Müssen sie diese Entscheidung hingegen selbst treffen, kommen sie in Bedrängnis, weil sie nicht schlecht dastehen wollen. Die Forscher erklären: "Menschen bewerten sich selbst und andere positiver, wenn sie sich sozial verhalten. Wer beim flexiblem Preissystem bezahlt, signalisiert anderen: Ich bin ein Mensch mit Moral." Dies sei die Erklärung dafür, warum Käufer sich marktwirtschaftlich gesehen nicht vollkommen egoistisch verhalten.

"Käufer wollen einen angemessenen Preis zahlen"

Dass das freiwillige Bezahlsystem auch in der Praxis funktioniert, haben die Wissenschaftler bei ihrem letzten Experiment in Wien beobachtet. Dort besuchten sie das pakistanische Restaurant "Der Wiener Deewan", in dem das Konzept "Zahl, was du willst" bereits erfolgreich umgesetzt wird. Demnach zahlen Kunden zwar nach mehreren Besuchen im Schnitt weniger für ihr Essen. Dafür nahm laut Studie aber die Zahl der Kunden zu, was den Verlust wieder ausglich. Beim Experiment zahlten manche Menschen an der Kasse. In einem Spiegel konnten sie sehen, wie viel andere für ihr Essen ausgaben. Die andere Gruppe zahlte anonym.

Der Versuch zeigte, dass Menschen sich selbst am strengsten beurteilen. Das Restaurant nahm am meisten ein, wenn die Kunden anonym bezahlten. In diesem Fall gaben die Kunden im Schnitt 5,37 Euro für das Essen aus. Das waren 71 Cent mehr als an der Kasse gezahlt wurden. Dort war den Versuchsteilnehmern das Essen durchschnittlich 4,66 Euro wert. Der Grund: "Menschen möchten einen angemessenen Preis zahlen. So können sie sich selbst beweisen, dass sie ein moralischer Mensch sind", erklären Gneezy und seine Kollegen. An der Kasse spiele vor allem das gesellschaftliche Ansehen eine Rolle.

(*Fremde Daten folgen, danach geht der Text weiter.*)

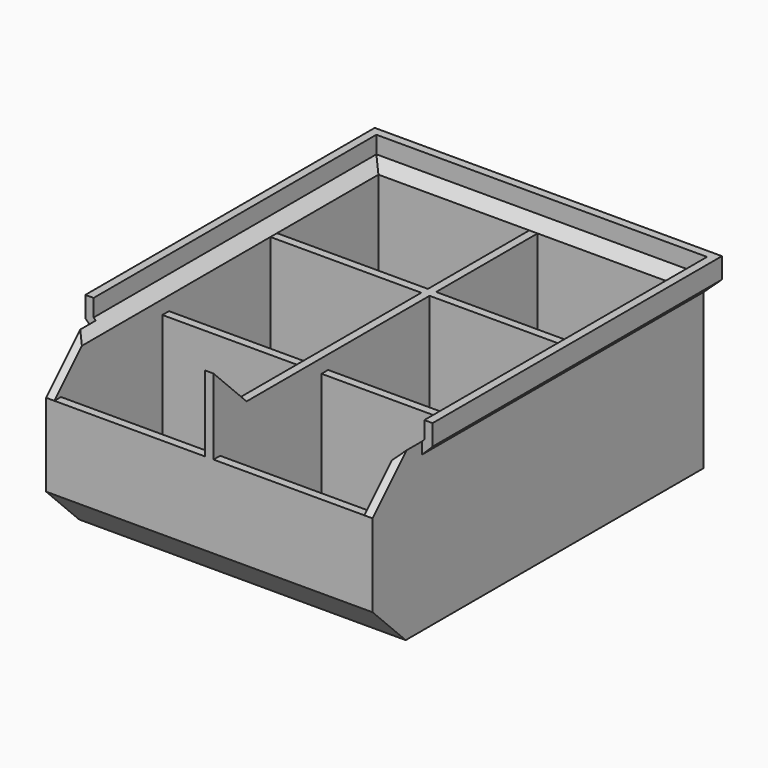
from build123d import *

# Parameters (mm, degrees)
F1_DEPTH  = 2
F2_W      = 2
F2_H      = 33
F2_H_2    = 38
F3_DEPTH  = 75
F5_DEPTH  = 2
F6_W      = 2.5
F6_H      = 87.5
F7_DEPTH  = 7.5
F9_DEPTH  = 102.501
F11_DEPTH = 84.001
F13_DEPTH = 98
F15_DEPTH = 2.5
F17_DEPTH = 2.5
F19_DEPTH = 2.5
F21_DEPTH = 2.5
F23_W     = 30.666666667
F23_H     = 0.8284271247
F23_W_2   = 30.6666666667
F23_H_2   = 35.5
F24_DEPTH = 2


# Not quite as in the source:
# - a feature names something its author has since deleted; it is built from what else it names


with BuildPart() as f1:
    # F0 (on Right) → F1 (new body)
    with BuildSketch(Plane.YZ):
        Polygon((0, 10), (10, 0), (100, 0), (100, 37.5), (100, 45), (15, 45), (0, 30), align=None)
        Polygon((100, 45), (100, 37.5), (102.5, 40), (102.5, 45), align=None)
    extrude(amount=-F1_DEPTH)

    # F2 (on face) → F3 (join)
    with BuildSketch(Plane.YZ):
        Polygon((2, 30), (0, 30), (0, 10), (10, 0), (100, 0), (100, 37.5), (102.5, 40), (102.5, 45), (100.5, 45), (100.5, 40.8284271247), (98, 38.3284271247), (98, 2), (67.3333333333, 2), (65.3333333333, 2), (34.6666666667, 2), (32.6666666667, 2), (10.8284271247, 2), (2, 10.8284271247), align=None)
        with Locations((33.6666666667, 18.5)):
            Rectangle(F2_W, F2_H)
        with Locations((66.3333333333, 21)):
            Rectangle(F2_W, F2_H_2)
    extrude(amount=F3_DEPTH)

    # F4 (on face) → F5 (join)
    with BuildSketch(Plane.YZ.offset(75)):
        Polygon((100.5, 45), (15, 45), (0, 30), (0, 10), (10, 0), (100, 0), (100, 37.5), (102.5, 40), (102.5, 45), align=None)
    extrude(amount=F5_DEPTH)

    # F6 (on face) → F7 (join)
    with BuildSketch(Plane.XY.offset(45)):
        with Locations((-3.25, 58.75)):
            Rectangle(F6_W, F6_H)
        with Locations((78.25, 58.75)):
            Rectangle(F6_W, F6_H)
    extrude(amount=-F7_DEPTH)

    # F8 (on face) → F9 (cut, through all)
    with BuildSketch(Plane(origin=(0, 102.5, 0), x_dir=(-1, 0, 0), z_dir=(0, 1, 0))):
        Polygon((-79.5, 37.5), (-77, 37.5), (-79.5, 40), align=None)
        Polygon((4.5, 40), (2, 37.5), (4.5, 37.5), align=None)
    extrude(amount=-F9_DEPTH, mode=Mode.SUBTRACT)

    # F10 (on face) → F11 (cut, through all)
    with BuildSketch(Plane.YZ.offset(79.5)):
        Polygon((100, 37.5), (102.5, 37.5), (102.5, 40), align=None)
    extrude(amount=-F11_DEPTH, mode=Mode.SUBTRACT)

    # F12 (on face) → F13 (cut, through all)
    with BuildSketch(Plane.XZ):
        Polygon((77, 45), (75, 45), (0, 45), (-2, 45), (-2.5, 45), (-2.5, 40.8284271247), (0, 38.3284271247), (75, 38.3284271247), (75.3564065228, 38.6848336475), (77.5, 40.8284271247), (77.5, 45), align=None)
    extrude(amount=-F13_DEPTH, mode=Mode.SUBTRACT)

    # F14 (on face) → F15 (cut, through all)
    with BuildSketch(Plane(origin=(75, 0, 0), x_dir=(0, -1, 0), z_dir=(-1, 0, 0))):
        Polygon((-100.5, 40.8284271247), (-98, 38.3284271247), (-98, 45), (-100.5, 45), align=None)
    extrude(amount=-F15_DEPTH, mode=Mode.SUBTRACT)

    # F16 (on face) → F17 (join, through all)
    with BuildSketch(Plane(origin=(0, 98, 0), x_dir=(-1, 0, 0), z_dir=(0, 1, 0))):
        Polygon((-77.5, 38.3284271247), (-75, 38.3284271247), (-77.5, 40.8284271247), align=None)
    extrude(amount=F17_DEPTH)

    # F18 (on face) → F19 (cut, through all)
    with BuildSketch(Plane.YZ):
        Polygon((100.5, 40.8284271247), (100.5, 45), (98, 45), (98, 38.3284271247), align=None)
    extrude(amount=-F19_DEPTH, mode=Mode.SUBTRACT)

    # F20 (on face) → F21 (join, through all)
    with BuildSketch(Plane(origin=(0, 98, 0), x_dir=(-1, 0, 0), z_dir=(0, 1, 0))):
        Polygon((2.5, 38.3284271247), (2.5, 40.8284271247), (0, 38.3284271247), align=None)
    extrude(amount=F21_DEPTH)

    # F23 (on offset) → F24 (join)
    with BuildSketch(Plane.YZ.offset(36.5)):
        with Locations((82.6666666668, 37.9142135624)):
            Rectangle(F23_W, F23_H)
        with Locations((82.6666666667, 19.75)):
            Rectangle(F23_W_2, F23_H_2)
        Polygon((65.3333333333, 2), (65.3333333333, 37.5), (65.3333333333, 38.3284271247), (10, 38.3284271247), (10, 2.8284271247), (10.8284271247, 2), (32.6666666667, 2), (32.6666666667, 35), (34.6666666667, 35), (34.6666666667, 2), align=None)
        Polygon((10, 2.8284271247), (10, 38.3284271247), (2, 30), (2, 10.8284271247), align=None)
        Polygon((0, 30), (8.3284271248, 38.3284271248), (9.1642135624, 39.1642135624), (0, 48.3284271247), align=None)
        Polygon((2, 30), (10, 38.3284271247), (8.3284271251, 38.3284271247), (0, 30), align=None)
        Polygon((8.3284271251, 38.3284271247), (10, 38.3284271247), (9.1642135624, 39.1642135624), align=None)
    extrude(amount=F24_DEPTH)


solid = f1.part
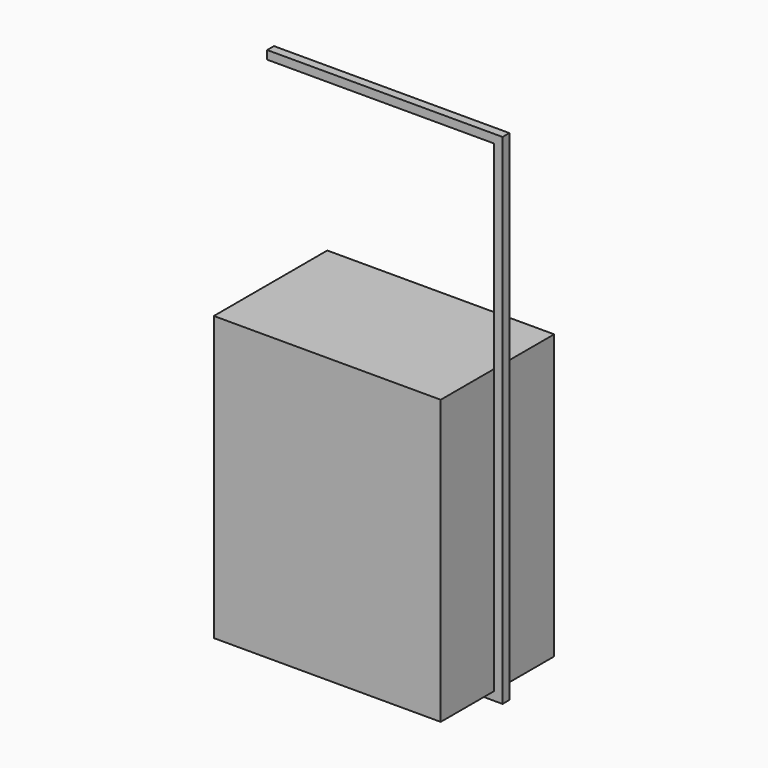
from build123d import *

# Parameters (mm, degrees)
F0_W     = 800
F0_H     = 500
F1_DEPTH = 1000
F3_DEPTH = 15
F4_W     = 600
F4_H     = 300
F4_W_2   = 540
F4_H_2   = 240
F5_DEPTH = 30


with BuildPart() as f1:
    # F0 (on Top) → F1 (new body)
    with BuildSketch(Plane.XY):
        Rectangle(F0_W, F0_H)
    extrude(amount=F1_DEPTH)


with BuildPart() as f3:
    # F2 (on Front) → F3 (new body, symmetric)
    with BuildSketch(Plane.XZ):
        Polygon((400, 1700), (400, 0), (-400, 0), (-400, -30), (430, -30), (430, 1730), (-400, 1730), (-400, 1700), align=None)
    extrude(amount=F3_DEPTH, both=True)

    # F4 (on face) → F5 (join)
    with BuildSketch(Plane(origin=(0, 0, 0), x_dir=(1, 0, 0), z_dir=(0, 0, -1))):
        Rectangle(F4_W, F4_H)
        Rectangle(F4_W_2, F4_H_2, mode=Mode.SUBTRACT)
    extrude(amount=F5_DEPTH)


solid = Compound([f1.part, f3.part])
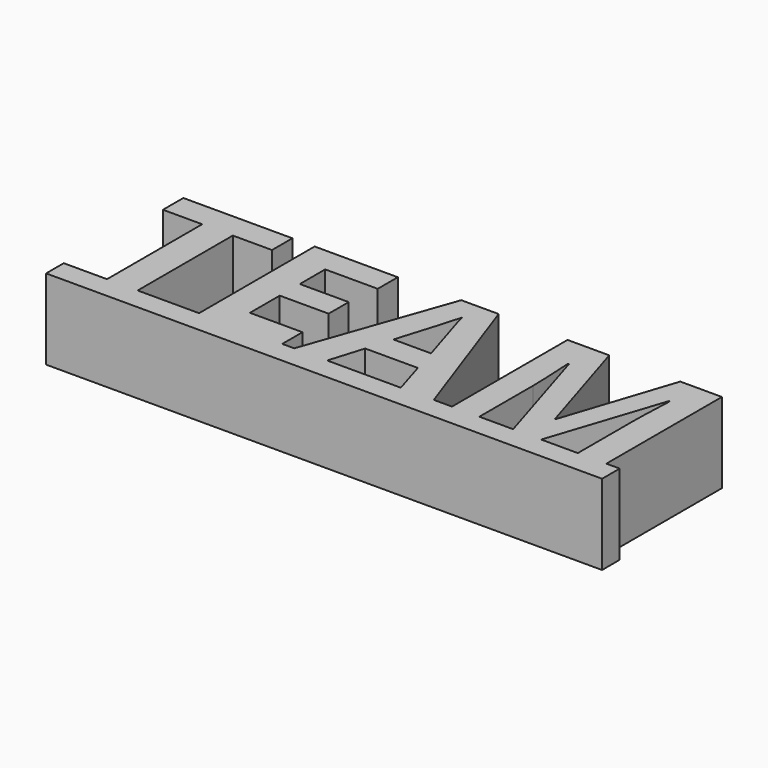
from build123d import *

# Parameters (mm, degrees)
F0_TEXT_SIZE = 31.9807376299
F1_DEPTH     = 12.7


# Not quite as in the source:
# - Text() gives the source's letters only with a copy of the font that has no kerning and outlines rounded to 1/6400 em; it was checked with that copy


with BuildPart() as f1:
    # F0 (on Top) → F1 (new body)
    with BuildSketch(Plane.XY):
        Polygon((-37.0826646799, 0), (-43.9235443385, 0), (-43.9235443385, -3.4888081718), (43.9589843154, -3.4888081718), (43.9589843154, 0), (41.8497933828, 0), (37.3375111829, 0), (31.5459994777, 0), (27.1086721316, 0), (21.7718865396, 0), (17.444492979, 0), (14.5712235826, 0), (9.3543657567, 0), (-2.2786275561, 0), (-7.495485382, 0), (-9.3843476983, 0), (-22.5314290583, 0), (-32.2405811231, 0), align=None)
        with Locations((-43.9235443385, 0)):
            Text('TEAM', F0_TEXT_SIZE, font='Open Sans', font_style=FontStyle.BOLD, text_align=(TextAlign.LEFT, TextAlign.BOTTOM))
    extrude(amount=F1_DEPTH)


solid = f1.part
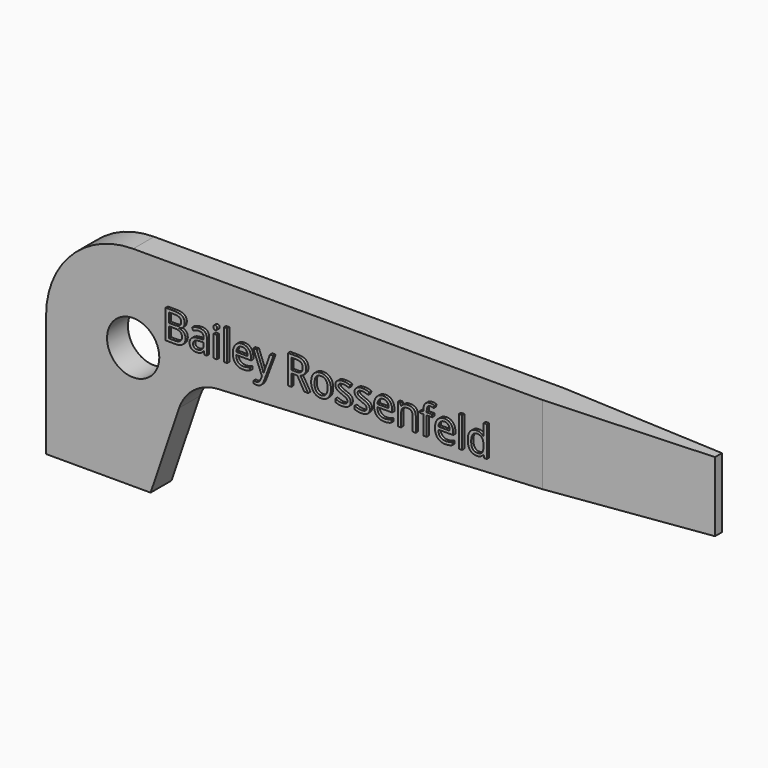
from build123d import *

# Parameters (mm, degrees)
F1_DEPTH     = 2.38125
F2_R         = 2.38125
F3_DEPTH     = 2.38225
F5_DEPTH     = 25.4
F6_TEXT_SIZE = 3.6733486141
F7_DEPTH     = 0.254


# Not quite as in the source:
# - Text() gives the source's letters only with a copy of the font that has no kerning and outlines rounded to 1/6400 em; it was checked with that copy


with BuildPart() as f1:
    # F0 (on Front) → F1 (new body)
    with BuildSketch(Plane.XZ):
        with BuildLine():
            Line((60.325, 19.05), (7.9375, 19.05))
            ThreePointArc((7.9375, 19.05), (2.3248399243, 16.7251600757), (0, 11.1125))
            Line((0, 11.1125), (0, 0))
            Line((0, 0), (9.525, 0))
            Line((9.525, 0), (12.1173647876, 7.6271664624))
            ThreePointArc((12.1173647876, 7.6271664624), (13.4786145605, 9.5135918491), (15.6631963617, 10.3130942181))
            Line((15.6631963617, 10.3130942181), (60.325, 12.7))
            Line((60.325, 12.7), (60.325, 19.05))
        make_face()
    extrude(amount=F1_DEPTH)

    # F2 (on face) → F3 (cut, through all)
    with BuildSketch(Plane.XZ.offset(2.38125)):
        with Locations((7.9375, 11.1125)):
            Circle(F2_R)
    extrude(amount=-F3_DEPTH, mode=Mode.SUBTRACT)

    # F4 (on face) → F5 (cut)
    with BuildSketch(Plane.XY.offset(19.05)):
        Polygon((60.325, 0), (45.24375, 0), (60.325, -0.79375), align=None)
        Polygon((60.325, -2.38125), (60.325, -1.5875), (45.24375, -2.38125), align=None)
    extrude(amount=-F5_DEPTH, mode=Mode.SUBTRACT)

    # F6 (on face) → F7 (join)
    with BuildSketch(Plane.XZ.offset(2.38125)):
        with Locations((10.7368901372, 12.8271877766)):
            Text('Bailey Rossenfeld', F6_TEXT_SIZE, font='Open Sans', text_align=(TextAlign.LEFT, TextAlign.BOTTOM))
    extrude(amount=F7_DEPTH)


solid = f1.part
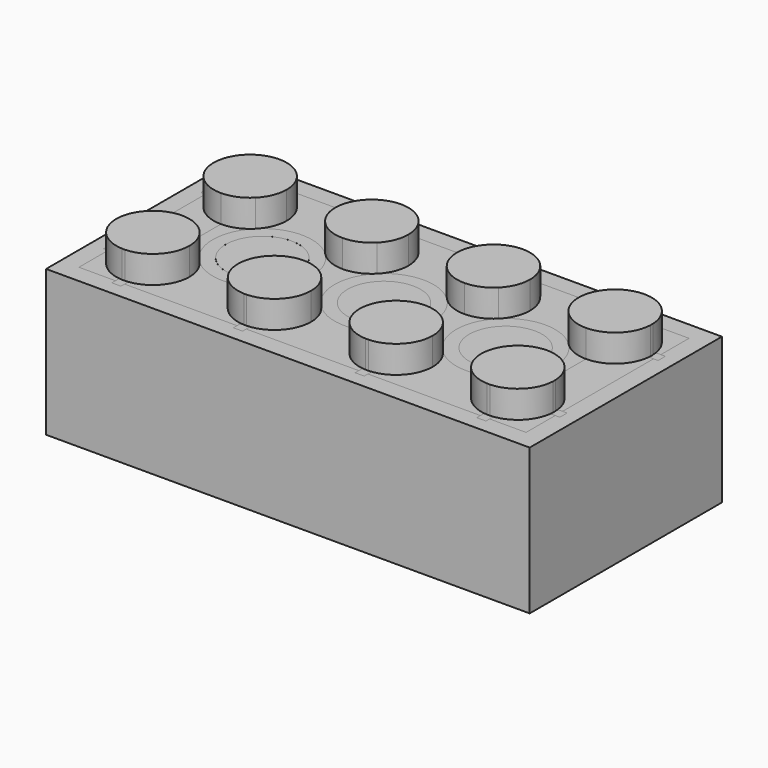
from build123d import *

# Parameters (mm, degrees)
F0_W     = 31.8
F0_H     = 15.8
F1_DEPTH = 9.6
F3_DEPTH = 1.8
F4_DEPTH = 9.6
F5_DEPTH = 1
F6_DEPTH = 1
F7_DEPTH = 1
F8_DEPTH = 1
F0_W_2   = 0.6
F0_H_2   = 0.3
F9_DEPTH = 9.6
F0_W_3   = 0.3
F0_H_3   = 0.6


# Not quite as in the source:
# - the program builds the solid bodies; features that only make, move or delete a surface that nothing else refers to are left out


with BuildPart() as f1:
    # F0 (on Top) → F1 (new body)
    with BuildSketch(Plane.XY):
        Rectangle(F0_W, F0_H)
        Polygon((-3.7, 6.7), (3.7, 6.7), (3.7, 7), (4.3, 7), (4.3, 6.7), (11.7, 6.7), (11.7, 7), (12.3, 7), (12.3, 6.7), (14.7, 6.7), (14.7, 4.3778601542), (15, 4.3778601542), (15, 3.7778601542), (14.7, 3.7778601542), (14.7, 0), (14.7, -3.7), (15, -3.7), (15, -4.3), (14.7, -4.3), (14.7, -6.7), (12.3, -6.7), (12.3, -7), (11.7, -7), (11.7, -6.7), (4.3, -6.7), (4.3, -7), (3.7, -7), (3.7, -6.7), (-3.7, -6.7), (-3.7, -7), (-4.3, -7), (-4.3, -6.7), (-11.7, -6.7), (-11.7, -7), (-12.3, -7), (-12.3, -6.7), (-14.7, -6.7), (-14.7, -4.3), (-15, -4.3), (-15, -3.7), (-14.7, -3.7), (-14.7, 0), (-14.7, 3.7), (-15, 3.7), (-15, 4.3), (-14.7, 4.3), (-14.7, 6.7), (-12.3, 6.7), (-12.3, 7), (-11.7, 7), (-11.7, 6.7), (-4.3, 6.7), (-4.3, 7), (-3.7, 7), align=None, mode=Mode.SUBTRACT)
    extrude(amount=-F1_DEPTH)


with BuildPart() as f3:
    # F0 (on Top) → F3 (new body)
    with BuildSketch(Plane.XY):
        with BuildLine():
            ThreePointArc((-14.4, 3.9056398611), (-13.6646718198, 2.2685926048), (-12, 1.5981457505))
            Line((-12, 1.5981457505), (-12, 2.7))
            ThreePointArc((-12, 2.7), (-12.9192388155, 4.9192388155), (-10.7, 4))
            Line((-10.7, 4), (-9.5981457505, 4))
            ThreePointArc((-9.5981457505, 4), (-10.2685926048, 5.6646718198), (-11.9056398611, 6.4))
            Line((-11.9056398611, 6.4), (-12.0943601389, 6.4))
            ThreePointArc((-12.0943601389, 6.4), (-13.6983674272, 5.6983674272), (-14.4, 4.0943601389))
            Line((-14.4, 4.0943601389), (-14.4, 3.9056398611))
        make_face()
        with BuildLine():
            ThreePointArc((-12, 1.5981457505), (-11.0808501792, 1.7809760157), (-10.3016325841, 2.3016325614))
            ThreePointArc((-10.3016325841, 2.3016325614), (-9.7809760219, 3.0808501643), (-9.5981457505, 4))
            Line((-9.5981457505, 4), (-10.7, 4))
            ThreePointArc((-10.7, 4), (-11.0807611845, 3.0807611845), (-12, 2.7))
            Line((-12, 2.7), (-12, 1.5981457505))
        make_face()
        with BuildLine():
            ThreePointArc((-10.7, 4), (-12.9192388155, 4.9192388155), (-12, 2.7))
            Line((-12, 2.7), (-12, 4))
            Line((-12, 4), (-10.7, 4))
        make_face()
        with BuildLine():
            Line((-12, 4), (-12, 2.7))
            ThreePointArc((-12, 2.7), (-11.0807611845, 3.0807611845), (-10.7, 4))
            Line((-10.7, 4), (-12, 4))
        make_face()
    extrude(amount=F3_DEPTH)


with BuildPart() as f3b:
    # F0 (on Top) → F3, piece 2 (new body)
    with BuildSketch(Plane.XY):
        with BuildLine():
            Line((-2.7, 4), (-1.5981457505, 4))
            ThreePointArc((-1.5981457505, 4), (-2.2685926048, 5.6646718198), (-3.9056398611, 6.4))
            Line((-3.9056398611, 6.4), (-4.0943601389, 6.4))
            ThreePointArc((-4.0943601389, 6.4), (-5.7314073952, 5.6646718198), (-6.4018542495, 4))
            Line((-6.4018542495, 4), (-5.3, 4))
            ThreePointArc((-5.3, 4), (-4, 5.3), (-2.7, 4))
        make_face()
        with BuildLine():
            ThreePointArc((-5.6983674332, 2.3016325788), (-4.9191498322, 1.7809760204), (-4, 1.5981457505))
            Line((-4, 1.5981457505), (-4, 2.7))
            ThreePointArc((-4, 2.7), (-4.9192388155, 3.0807611845), (-5.3, 4))
            Line((-5.3, 4), (-6.4018542495, 4))
            ThreePointArc((-6.4018542495, 4), (-6.2190239828, 3.0808501757), (-5.6983674332, 2.3016325788))
        make_face()
        with BuildLine():
            ThreePointArc((-4, 1.5981457505), (-3.0808501718, 1.7809760188), (-2.3016325728, 2.3016325728))
            ThreePointArc((-2.3016325728, 2.3016325728), (-1.7809760188, 3.0808501718), (-1.5981457505, 4))
            Line((-1.5981457505, 4), (-2.7, 4))
            ThreePointArc((-2.7, 4), (-3.0807611845, 3.0807611845), (-4, 2.7))
            Line((-4, 2.7), (-4, 1.5981457505))
        make_face()
        with BuildLine():
            Line((-4, 4), (-2.7, 4))
            ThreePointArc((-2.7, 4), (-4, 5.3), (-5.3, 4))
            Line((-5.3, 4), (-4, 4))
        make_face()
        with BuildLine():
            ThreePointArc((-5.3, 4), (-4.9192388155, 3.0807611845), (-4, 2.7))
            Line((-4, 2.7), (-4, 4))
            Line((-4, 4), (-5.3, 4))
        make_face()
        with BuildLine():
            Line((-4, 4), (-4, 2.7))
            ThreePointArc((-4, 2.7), (-3.0807611845, 3.0807611845), (-2.7, 4))
            Line((-2.7, 4), (-4, 4))
        make_face()
    extrude(amount=F3_DEPTH)


with BuildPart() as f3c:
    # F0 (on Top) → F3, piece 3 (new body)
    with BuildSketch(Plane.XY):
        with BuildLine():
            ThreePointArc((3.9056398611, 6.4), (2.2685926048, 5.6646718198), (1.5981457505, 4))
            Line((1.5981457505, 4), (2.7, 4))
            ThreePointArc((2.7, 4), (4, 5.3), (5.3, 4))
            Line((5.3, 4), (6.4018542495, 4))
            ThreePointArc((6.4018542495, 4), (5.7314073952, 5.6646718198), (4.0943601389, 6.4))
            Line((4.0943601389, 6.4), (3.9056398611, 6.4))
        make_face()
        with BuildLine():
            ThreePointArc((1.5981457505, 4), (1.7809760181, 3.0808501735), (2.3016325701, 2.3016325754))
            ThreePointArc((2.3016325701, 2.3016325754), (3.08085017, 1.7809760195), (4, 1.5981457505))
            Line((4, 1.5981457505), (4, 2.7))
            ThreePointArc((4, 2.7), (3.0807611845, 3.0807611845), (2.7, 4))
            Line((2.7, 4), (1.5981457505, 4))
        make_face()
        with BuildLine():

Ihr Fazit: Wenn Menschen ein Unternehmen mögen, geben sie selbst beim freiwilligen Bezahlsystem eher eine angemessene Menge Geld aus als einfach so wenig wie möglich. Unternehmen, die dieses Verhalten bei der Preisgestaltung berücksichtigen, könnten ihren Profit der Studie zufolge womöglich sogar vergrößern. Die Wissenschaftler weisen aber auch darauf hin, dass der angemessene Preis ähnlich wie Trinkgeld von den gesellschaftlichen Normen des entsprechenden Landes abhänge. "In Amerika zahlen Kunden zum Beispiel mehr Trinkgeld als in Deutschland."

Die US-Rockband Radiohead hatte mit dem Geschäftsmodell im Jahr 2007 jedenfalls großen Erfolg. Fans konnten ihr Album im Internet herunterladen und entscheiden, wie viel Geld sie dafür bezahlen wollten. Für Greenday lohnte sich das Experiment. Die Musiker galten als sozial und verdienten sich mit den Albumverkäufen eine goldene Nase. Die Forscher nennen dies den "Robin-Hood-Effekt". Der Studie zufolge wird er aber wohl verschwinden, wenn sich das freiwillige Bezahlsystem in der freien Wirtschaft verbreitet.

Hinweis der Redaktion: In einer früheren Version dieses Artikels hieß es, die Band Green Day habe 2007 ein neues Album zum freien Download angeboten. Bei der Band handelte es sich allerdings um Radiohead. Wir bitten, den Fehler zu entschuldigen.